P.S. I'm not trying to be arrogant. I just don't want you to repeat my mistakes. Don't be afraid to do things that seem difficult: with research and a little elbow grease, you can accomplish anything, and nothing anyone says can take that away from you.
Without debug symbols (the default Makefile includes them), the executable is 83KB (93KB with -g), less than half the size of Lua. The shared library is a bit larger, at 102KB.
Lua's whole table-metatable system always felt awkward to me, what with the magic names for operators. It's really not so bad, I just didn't see any reason to spend time learning something that felt awkward and archaic to me when I could make something that seemed a bit cleaner.
It's a nice little language, and I dislike Lua's 1-origin indexing a lot (no real problem with its object system otherwise).
However, despite taking some 200K compiled, Lua does give you a lot of things for that dirtier object system or origin (or other things you'll dislike).
Some of those things are already planned by yourself, some you'll find out that you need only with enough usage, and others may be outside the scope of Solid. A partial list:
0. A reasonably efficient GC
1. Very fast portable interpreter - faster than most other portable interpreters (e.g. Ruby, Python) with comparable dynamic behaviour
2. A crazy fast JIT compiler (LuaJIT2) fully compatible with that interpreter that rivals compiled and optimized static languages, and is available for many common architectures (x86, AMD64, various PPC, various ARM)
3. Useful built in data type like a dictionary/array ("table"), strings and floating point math, C user definable structure.

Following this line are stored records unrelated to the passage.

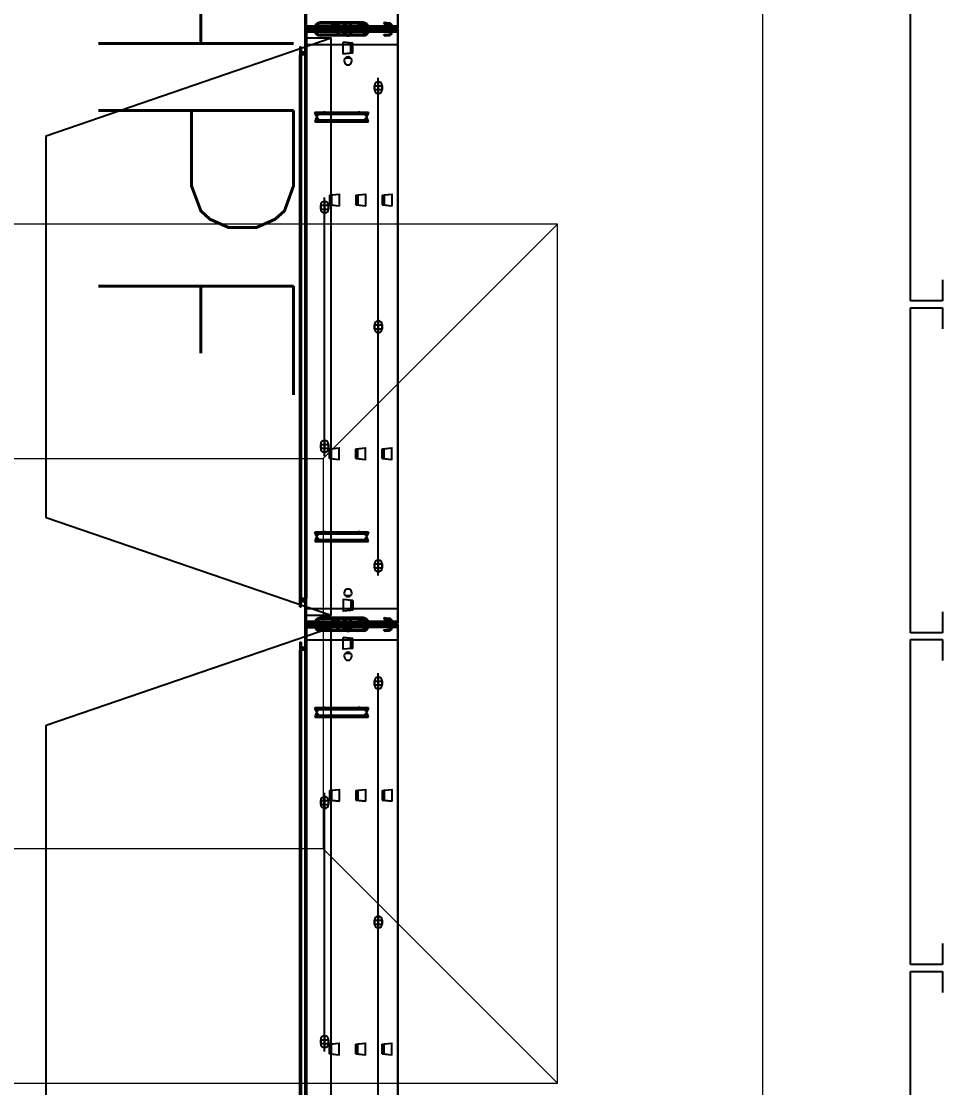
# Model space of a CAD drawing. Extents: x -32000 to 416743, y -254124 to 144214.
# Drawn here: x 250441 to 251385, y 70165 to 71258 of the extents above; entities that cross this region are included whole.
import ezdxf

# ---------------------------------------------------------------- set-up
doc = ezdxf.new("R2010")
doc.units = 0
doc.header["$LTSCALE"] = 10
for name, color, linetype in [('XFM1Q40$0$TYPE14X10', 7, 'Continuous'), ('XFM7P40ICA$0$H12PL4$0$L40_19_MEJI', 252, 'Continuous'), ('XFM7P40ICA$0$H12PL4$0$L40_19_SUGATA3', 252, 'Continuous'), ('XFM7P40ICA$0$H12PL4$0$L40_19_設備基礎', 252, 'Continuous')]:
    doc.layers.add(name, color=color, linetype=linetype)
doc.styles.add('XFM1Q40$0$LSP', font='SIMPLEX.shx', dxfattribs={"bigfont": 'chineset.shx'})

# ---------------------------------------------------------------- blocks, each defined once
blk = doc.blocks.new('XFM1Q40$0$A$C10876e96')
at = {"layer": 'XFM1Q40$0$TYPE14X10', "color": 22}
for p, q in [((2524.7, 2050), (2524.7, 2658.5)), ((2619.7, 2660), (2619.7, 2051.5)), ((2619.7, 2050), (2619.7, 2658.5)), ((3144.9, 1771.5), (3144.9, 2104.5)), ((2524.7, 2076.5), (2524.7, 2051.5)), ((2524.7, 2050), (2524.7, 2073.5)), ((2526.2, 2051.5), (2526.2, 2075)), ((2619.7, 2050), (2619.7, 2066)), ((2584.2, 2057), (2540.2, 2057)), ((2584.2, 2055.5), (2540.2, 2055.5)), ((2551.7, 2057), (2551.5, 2055.5)), ((2551.5, 2055.5), (2556.8, 2055)), ((2551.7, 2057), (2557, 2056.5)), ((2571.7, 2057), (2566.4, 2056.5)), ((2571.9, 2055.5), (2566.6, 2055)), ((2571.7, 2057), (2571.9, 2055.5)), ((2578.7, 2057), (2578.5, 2055.5)), ((2578.5, 2055.5), (2583.8, 2055)), ((2578.7, 2057), (2584, 2056.5)), ((2605.7, 2057), (2605.5, 2055.5)), ((2605.5, 2055.5), (2610.8, 2055)), ((2605.7, 2057), (2611, 2056.5)), ((2619.7, 2053), (2524.7, 2053)), ((2619.7, 2051.5), (2524.7, 2051.5)), ((2619.7, 2050), (2524.7, 2050)), ((2619.7, 2050), (2524.7, 2050)), ((2619.7, 2050), (2524.7, 2050)), ((2619.7, 2050), (2524.7, 2050)), ((2524.7, 2050), (2524.7, 2026.5)), ((2524.7, 2026.5), (2524.7, 2050)), ((2524.7, 1440), (2524.7, 2048.5)), ((2619.7, 2048.5), (2524.7, 2048.5)), ((2619.7, 2047), (2524.7, 2047)), ((2619.7, 2051.5), (2526.2, 2051.5)), ((2619.7, 2048.5), (2526.2, 2048.5)), ((2526.2, 2048.5), (2526.2, 2025)), ((2534.7, 2051.5), (2534.7, 2050)), ((2534.7, 2048.5), (2534.7, 2050)), ((2584.2, 2044.5), (2540.2, 2044.5)), ((2549.7, 2051.5), (2549.7, 2050)), ((2549.7, 2048.5), (2549.7, 2050)), ((2551.5, 2044.5), (2556.8, 2045)), ((2551.7, 2043), (2551.5, 2044.5)), ((2551.7, 2043), (2557, 2043.5)), ((2558.2, 2053), (2558.2, 2053.5)), ((2558.2, 2047), (2558.2, 2046.5)), ((2559.7, 2053), (2559.7, 2053.5)), ((2559.7, 2047), (2559.7, 2046.5)), ((2565.2, 2053.5), (2565.2, 2050)), ((2565.2, 2046.5), (2565.2, 2050)), ((2571.7, 2043), (2566.4, 2043.5)), ((2571.9, 2044.5), (2566.6, 2045)), ((2566.7, 2053.5), (2566.7, 2051.5)), ((2566.7, 2046.5), (2566.7, 2048.5)), ((2570.7, 2053.5), (2570.7, 2051.5)), ((2570.7, 2046.5), (2570.7, 2048.5)), ((2571.7, 2043), (2571.9, 2044.5)), ((2572.2, 2053.5), (2572.2, 2050)), ((2572.2, 2046.5), (2572.2, 2050)), ((2573.7, 2051.5), (2573.7, 2050)), ((2573.7, 2048.5), (2573.7, 2050)), ((2576.7, 2051.5), (2576.7, 2050)), ((2576.7, 2048.5), (2576.7, 2050)), ((2578.5, 2044.5), (2583.8, 2045)), ((2578.7, 2043), (2578.5, 2044.5)), ((2578.7, 2043), (2584, 2043.5)), ((2585.2, 2053), (2585.2, 2053.5)), ((2585.2, 2047), (2585.2, 2046.5)), ((2586.7, 2053), (2586.7, 2053.5)), ((2586.7, 2047), (2586.7, 2046.5)), ((2589.7, 2051.5), (2589.7, 2050)), ((2589.7, 2048.5), (2589.7, 2050)), ((2603.7, 2051.5), (2603.7, 2050)), ((2603.7, 2048.5), (2603.7, 2050)), ((2605.5, 2044.5), (2610.8, 2045)), ((2605.7, 2043), (2605.5, 2044.5)), ((2605.7, 2043), (2611, 2043.5)), ((2612.2, 2053), (2612.2, 2053.5)), ((2612.2, 2047), (2612.2, 2046.5)), ((2613.7, 2053), (2613.7, 2053.5)), ((2613.7, 2047), (2613.7, 2046.5)), ((2619.7, 2050), (2619.7, 1441.5)), ((2619.7, 2050), (2619.7, 2034)), ((2619.7, 1440), (2619.7, 2048.5)), ((2259.6, 1940.7), (2551.6, 2041)), ((2526.2, 2034), (2524.7, 2034)), ((2526.2, 1449), (2526.2, 2041)), ((2526.2, 2041), (2551.6, 2041)), ((2619.7, 2034), (2526.2, 2034)), ((2584.2, 2043), (2540.2, 2043)), ((2551.6, 1449), (2551.6, 2041)), ((2573.7, 2035.5), (2563.7, 2036.5)), ((2571.7, 2035.6), (2563.7, 2036.4)), ((2563.7, 2024.6), (2563.7, 2036.4)), ((2571.7, 2025.4), (2571.7, 2035.6)), ((2573.7, 2025.5), (2573.7, 2035.5)), ((2519.2, 2032), (2519.2, 2025)), ((2519.2, 2032), (2520.7, 2032)), ((2519.2, 2026.5), (2519.2, 1466.5)), ((2519.2, 2026.5), (2526.2, 2026.5)), ((2526.2, 2025), (2519.2, 2025)), ((2519.2, 1463.5), (2519.2, 2023.5)), ((2524.7, 2023.5), (2519.2, 2023.5)), ((2520.7, 2032), (2520.7, 2026.5)), ((2520.7, 2026.5), (2520.7, 1466.5)), ((2524.7, 2026.5), (2520.7, 2026.5)), ((2520.7, 1463.5), (2520.7, 2023.5)), ((2524.7, 2026.5), (2524.7, 1466.5)), ((2526.2, 2023.5), (2524.7, 2023.5)), ((2526.2, 2026.5), (2526.2, 1466.5)), ((2526.2, 1463.5), (2526.2, 2023.5)), ((2573.7, 2025.5), (2563.7, 2024.5)), ((2571.7, 2025.4), (2563.7, 2024.6)), ((2566, 2020.5), (2571.3, 2020.5)), ((2567.2, 2013.5), (2570.2, 2013.5)), ((2599.7, 1490), (2599.7, 2000)), ((2595.1, 1992), (2604.2, 1992)), ((2595.1, 1992), (2604.2, 1992)), ((2595.7, 1988), (2595.7, 1992)), ((2595.7, 1992), (2595.7, 1988)), ((2599.7, 1997), (2599.7, 1983)), ((2603.7, 1988), (2603.7, 1992)), ((2603.7, 1992), (2603.7, 1988)), ((2595.1, 1988), (2604.2, 1988)), ((2595.1, 1988), (2604.2, 1988)), ((2534.7, 1965), (2589.7, 1965)), ((2535.8, 1961.7), (2534.7, 1965)), ((2535.8, 1958.3), (2534.7, 1955)), ((2535.4, 1963), (2589, 1963)), ((2535.4, 1957), (2589, 1957)), ((2545.3, 1965), (2579.1, 1965)), ((2589.7, 1965), (2588.5, 1961.7)), ((2589.7, 1955), (2588.5, 1958.3)), ((2534.7, 1955), (2589.7, 1955)), ((2545.3, 1955), (2579.1, 1955)), ((2259.6, 1549.3), (2259.6, 1940.7)), ((2549.7, 1880), (2559.6, 1881)), ((2549.7, 1880), (2549.7, 1870)), ((2551.7, 1880.1), (2559.7, 1880.9)), ((2551.7, 1880.1), (2551.7, 1869.9)), ((2559.7, 1880.9), (2559.7, 1869.1)), ((2576.7, 1880), (2586.6, 1881)), ((2576.7, 1880), (2576.7, 1870)), ((2578.7, 1880.1), (2586.7, 1880.9)), ((2578.7, 1880.1), (2578.7, 1869.9)), ((2586.7, 1880.9), (2586.7, 1869.1)), ((2603.7, 1880), (2613.6, 1881)), ((2603.7, 1880), (2603.7, 1870)), ((2605.7, 1880.1), (2613.7, 1880.9)), ((2605.7, 1880.1), (2605.7, 1869.9)), ((2613.7, 1880.9), (2613.7, 1869.1)), ((2540.1, 1869.5), (2549.2, 1869.5)), ((2540.1, 1869.5), (2549.2, 1869.5)), ((2540.7, 1865.5), (2540.7, 1869.5)), ((2540.7, 1869.5), (2540.7, 1865.5)), ((2544.7, 1612.5), (2544.7, 1877.5)), ((2544.7, 1874.5), (2544.7, 1860.5)), ((2548.7, 1865.5), (2548.7, 1869.5)), ((2548.7, 1869.5), (2548.7, 1865.5)), ((2549.7, 1870), (2559.6, 1869)), ((2551.7, 1869.9), (2559.7, 1869.1)), ((2576.7, 1870), (2586.6, 1869)), ((2578.7, 1869.9), (2586.7, 1869.1)), ((2603.7, 1870), (2613.6, 1869)), ((2605.7, 1869.9), (2613.7, 1869.1)), ((2540.1, 1865.5), (2549.2, 1865.5)), ((2540.1, 1865.5), (2549.2, 1865.5)), ((3177.9, 1793), (3177.9, 1771.5)), ((3177.9, 1771.5), (3144.9, 1771.5)), ((3144.9, 1764.5), (3177.9, 1764.5)), ((3144.9, 1431.5), (3144.9, 1764.5)), ((3177.9, 1764.5), (3177.9, 1743)), ((2599.7, 1752), (2599.7, 1738)), ((2595.1, 1747), (2604.2, 1747)), ((2595.1, 1747), (2604.2, 1747)), ((2595.1, 1743), (2604.2, 1743)), ((2595.1, 1743), (2604.2, 1743)), ((2595.7, 1743), (2595.7, 1747)), ((2595.7, 1747), (2595.7, 1743)), ((2603.7, 1743), (2603.7, 1747)), ((2603.7, 1747), (2603.7, 1743)), ((2544.7, 1629.5), (2544.7, 1615.5)), ((2540.1, 1624.5), (2549.2, 1624.5)), ((2540.1, 1624.5), (2549.2, 1624.5)), ((2540.1, 1620.5), (2549.2, 1620.5)), ((2540.1, 1620.5), (2549.2, 1620.5)), ((2540.7, 1620.5), (2540.7, 1624.5)), ((2540.7, 1624.5), (2540.7, 1620.5)), ((2548.7, 1620.5), (2548.7, 1624.5)), ((2548.7, 1624.5), (2548.7, 1620.5)), ((2549.7, 1620), (2559.6, 1621)), ((2549.7, 1610), (2549.7, 1620)), ((2551.7, 1620.1), (2559.7, 1620.9)), ((2551.7, 1609.9), (2551.7, 1620.1)), ((2559.7, 1609.1), (2559.7, 1620.9)), ((2576.7, 1620), (2586.6, 1621)), ((2576.7, 1610), (2576.7, 1620)), ((2578.7, 1620.1), (2586.7, 1620.9)), ((2578.7, 1609.9), (2578.7, 1620.1)), ((2586.7, 1609.1), (2586.7, 1620.9)), ((2603.7, 1620), (2613.6, 1621)), ((2603.7, 1610), (2603.7, 1620)), ((2605.7, 1620.1), (2613.7, 1620.9)), ((2605.7, 1609.9), (2605.7, 1620.1)), ((2613.7, 1609.1), (2613.7, 1620.9)), ((2549.7, 1610), (2559.6, 1609)), ((2551.7, 1609.9), (2559.7, 1609.1)), ((2576.7, 1610), (2586.6, 1609)), ((2578.7, 1609.9), (2586.7, 1609.1)), ((2603.7, 1610), (2613.6, 1609)), ((2605.7, 1609.9), (2613.7, 1609.1)), ((2551.6, 1449), (2259.6, 1549.3)), ((2534.7, 1535), (2589.7, 1535)), ((2535.8, 1531.7), (2534.7, 1535)), ((2535.4, 1533), (2589, 1533)), ((2545.3, 1535), (2579.1, 1535)), ((2589.7, 1535), (2588.5, 1531.7)), ((2535.8, 1528.3), (2534.7, 1525)), ((2534.7, 1525), (2589.7, 1525)), ((2535.4, 1527), (2589, 1527)), ((2545.3, 1525), (2579.1, 1525)), ((2589.7, 1525), (2588.5, 1528.3)), ((2595.1, 1502), (2604.2, 1502)), ((2595.1, 1502), (2604.2, 1502)), ((2595.1, 1498), (2604.2, 1498)), ((2595.1, 1498), (2604.2, 1498)), ((2595.7, 1498), (2595.7, 1502)), ((2595.7, 1502), (2595.7, 1498)), ((2599.7, 1507), (2599.7, 1493)), ((2603.7, 1498), (2603.7, 1502)), ((2603.7, 1502), (2603.7, 1498)), ((2567.2, 1476.5), (2570.2, 1476.5)), ((2526.2, 1466.5), (2519.2, 1466.5)), ((2519.2, 1458), (2519.2, 1465)), ((2526.2, 1465), (2519.2, 1465)), ((2524.7, 1466.5), (2524.7, 1441.5)), ((2526.2, 1441.5), (2526.2, 1465)), ((2573.7, 1464.5), (2563.7, 1465.5)), ((2571.7, 1464.6), (2563.7, 1465.4)), ((2563.7, 1465.4), (2563.7, 1453.6)), ((2566, 1469.5), (2571.3, 1469.5)), ((2571.7, 1464.6), (2571.7, 1454.4)), ((2573.7, 1464.5), (2573.7, 1454.5)), ((2519.2, 1463.5), (2524.7, 1463.5)), ((2519.2, 1458), (2520.7, 1458)), ((2520.7, 1458), (2520.7, 1463.5)), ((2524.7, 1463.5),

4. A vast ecosystem, different in nature than Python's or Ruby's (geared towards embedding rather than direct use), but definitely there and definitely useful.
Once you implement the infrastructure required for these, you'll find out that magically, you're not much shorter than Lua after all (if at all), and that some things just cannot be matched (JITting. Unless you're the 10 people or so that have made PyPy happen. Or you are Mike Pall).
Still, it's a nice little language, and seems quite well written (though the choice of vm.regs[255] for a return value is likely to bite you at some point - make a macro for that, at the very least, to guard you against a type of 244 or 266 or 2555 or any other random number).
And if you are looking for inspiration for some features, another interesting and practical little language is Aardappel's Lobster: https://github.com/aardappel/lobster ; I really like the fresh approaches that he takes.
The VM, the AST parser, and the Bison/Flex frontend are built in a layered manner: you could (with the appropriate Makefile) build only the VM, the VM+the AST parser, or all three. I don't currently have Makefile options for this, but it would be pretty trivial to add.
How long did it take to write this once you had all the ideas? I looked at the github history but they only went back 5 months and it looks like there was already a significant amount written so I couldn't tell how far back from there it went.